The Johnson County Commission and city councils in Olathe, Mission and DeSoto do livestream their meetings. Prairie Village soon plans to join them.
It’s a question of transparency versus cost for many cities. And some opponents argue the public just doesn’t care.
Kice begs to differ.
“We’ve always watched our city council meetings,” Kice said of her experiences before she moved to Lenexa. “I think livestreaming or televising would be appropriate. I just think people might be more inclined to pay attention to the issues of the city.”
Kice raised that question when she hosted informal meetings with both Ward 2 Lenexa candidates running in the Nov. 7 election. “If they could do it in Manhattan, Kansas, I would think Lenexa could do it,” she said.
The question of livestreaming or televising meetings has also become something of a campaign issue in Overland Park, the metro area’s second largest city, where longtime incumbent mayor Carl Gerlach is being challenged by Charlotte O’Hara.
O’Hara says it’s just something 21st century cities should do for transparency and accessibility.
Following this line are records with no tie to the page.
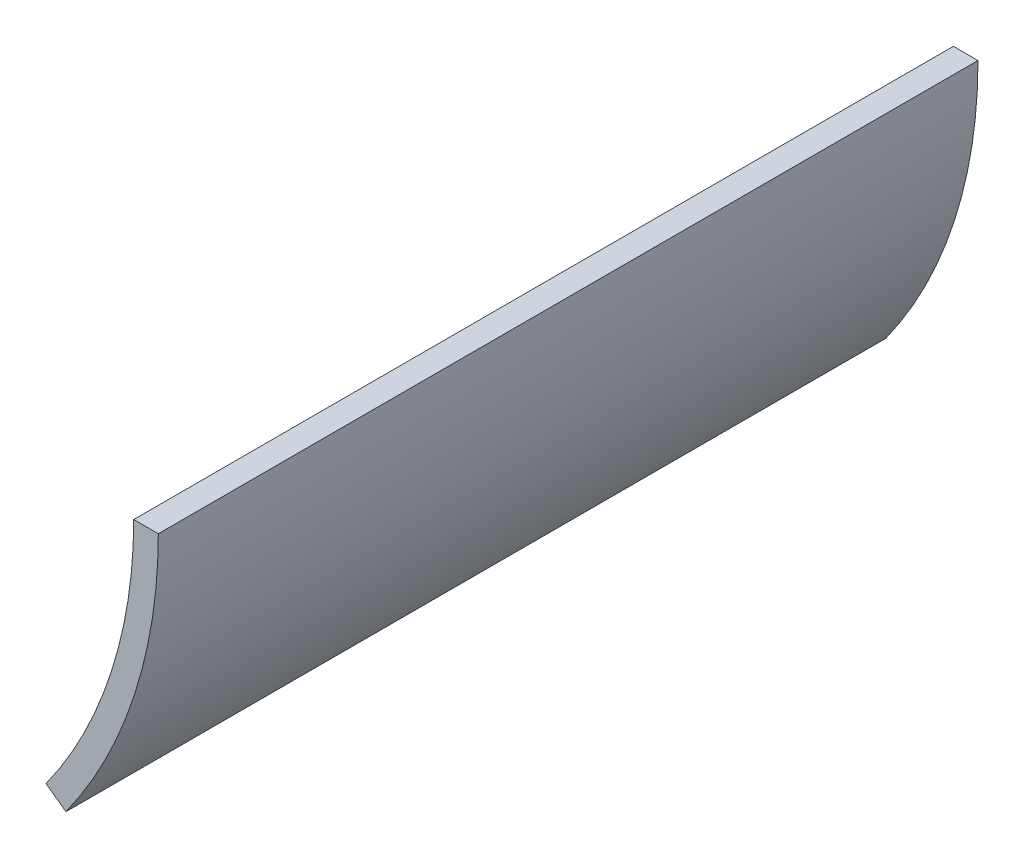
SolidWorks part; units mm, degrees
ref_plane "Front Plane" through (0, 0, 0) normal (0, 0, 1) x (1, 0, 0)
ref_plane "Top Plane" through (0, 0, 0) normal (0, 1, 0) x (1, 0, 0)
ref_plane "Right Plane" through (0, 0, 0) normal (1, 0, 0) x (0, 0, -1)
sketch "Sketch1" plane through (0, 0, 0) normal (0, 0, 1) x (1, 0, 0)
  line L0 (0, 0) -> (15, 0)
  line L1 (-41.3301, -175) -> (-53.5136, -166.25)
  arc A0 (15, 0) -> (-41.3301, -175) centre (-285, 0) cw
  arc A1 (-53.5136, -166.25) -> (0, 0) centre (-285, 0) ccw
  point P6 (-11.8218, -123.4305)
  dimension "D1" = 15
  dimension "D3" = 285
  dimension "D2" = 300
  dimension "D4" = 175
extrude "Boss-Extrude1" add sketch "Sketch1" along normal blind 500

Ward 1 Council candidate Logan Heley, who is challenging incumbent Dave Janson, also talks about the need for live video streaming on his campaign webpage.
“That would be one of the first things I would institute (if elected),” O’Hara told The Star’s Editorial Board. “Either televised or livestreaming.”
But Gerlach says O’Hara is making waves about an issue the public really doesn’t care about.
“I call this a campaign issue,” Gerlach told the Editorial Board, adding that it never comes up from the public or outside the context of a campaign challenge. He pointed out that Overland Park audiotapes its meetings and people can obtain those tapes.
Those audio recordings are available from the Overland Park city clerk’s office, at a cost of $1.09 per CD. A total of 11 audio recordings were requested in 2016, and four requests were made in 2017.
Overland Park Communications Manager Sean Reilly said that, like Lenexa, all written documentation for agenda items are attached and available prior to and after meetings.
Overland Park also has detailed written meeting minutes, which show that the council’s finance, administration and economic development committee had an extensive discussion about the idea of televising its meetings in January 2011. A few council members at the time supported the idea, but most felt it was not a high priority. It was discussed at another committee meeting in June 2011, but voted down, in part because of the projected $18,000 cost at that time.
In Lenexa, Mayor Mike Boehm, who does not face a challenger in this year’s election, said it’s never been anything that the public in Lenexa has really pushed. He predicted that televising or livestreaming meetings could adversely change their tone, with people acting out for the cameras.
“The public purpose is sometimes co-opted by special interests or just disruptive behavior,” he said. “We just haven’t thought that was needed or necessary.”
Boehm said the city puts all of its written materials and staff reports online ahead of the meetings, so the public is well informed that way. Adding livestreaming or televising would be an added expense.
“I think our dollars are better spent on public safety and recreation and things of that nature,” he said.
However, Kice noted that new technology has made livestreaming more economical, and cities like Mission and Prairie Village bear that out.
Shawnee and Miriam also don’t visually livestream their meetings, although Shawnee provides an audio livestream and archives that information, at a cost of $206 per year. City Clerk Stephen Powell said the city considered visual livestreaming about 10 years ago but didn’t see a demand.
Still, the Olathe City Council and the Johnson County Commission have televised their meetings on cable TV and have also livestreamed on their websites for years. Olathe still broadcasts on the local cable TV channel as well as webcasts, but Johnson County now just webcasts.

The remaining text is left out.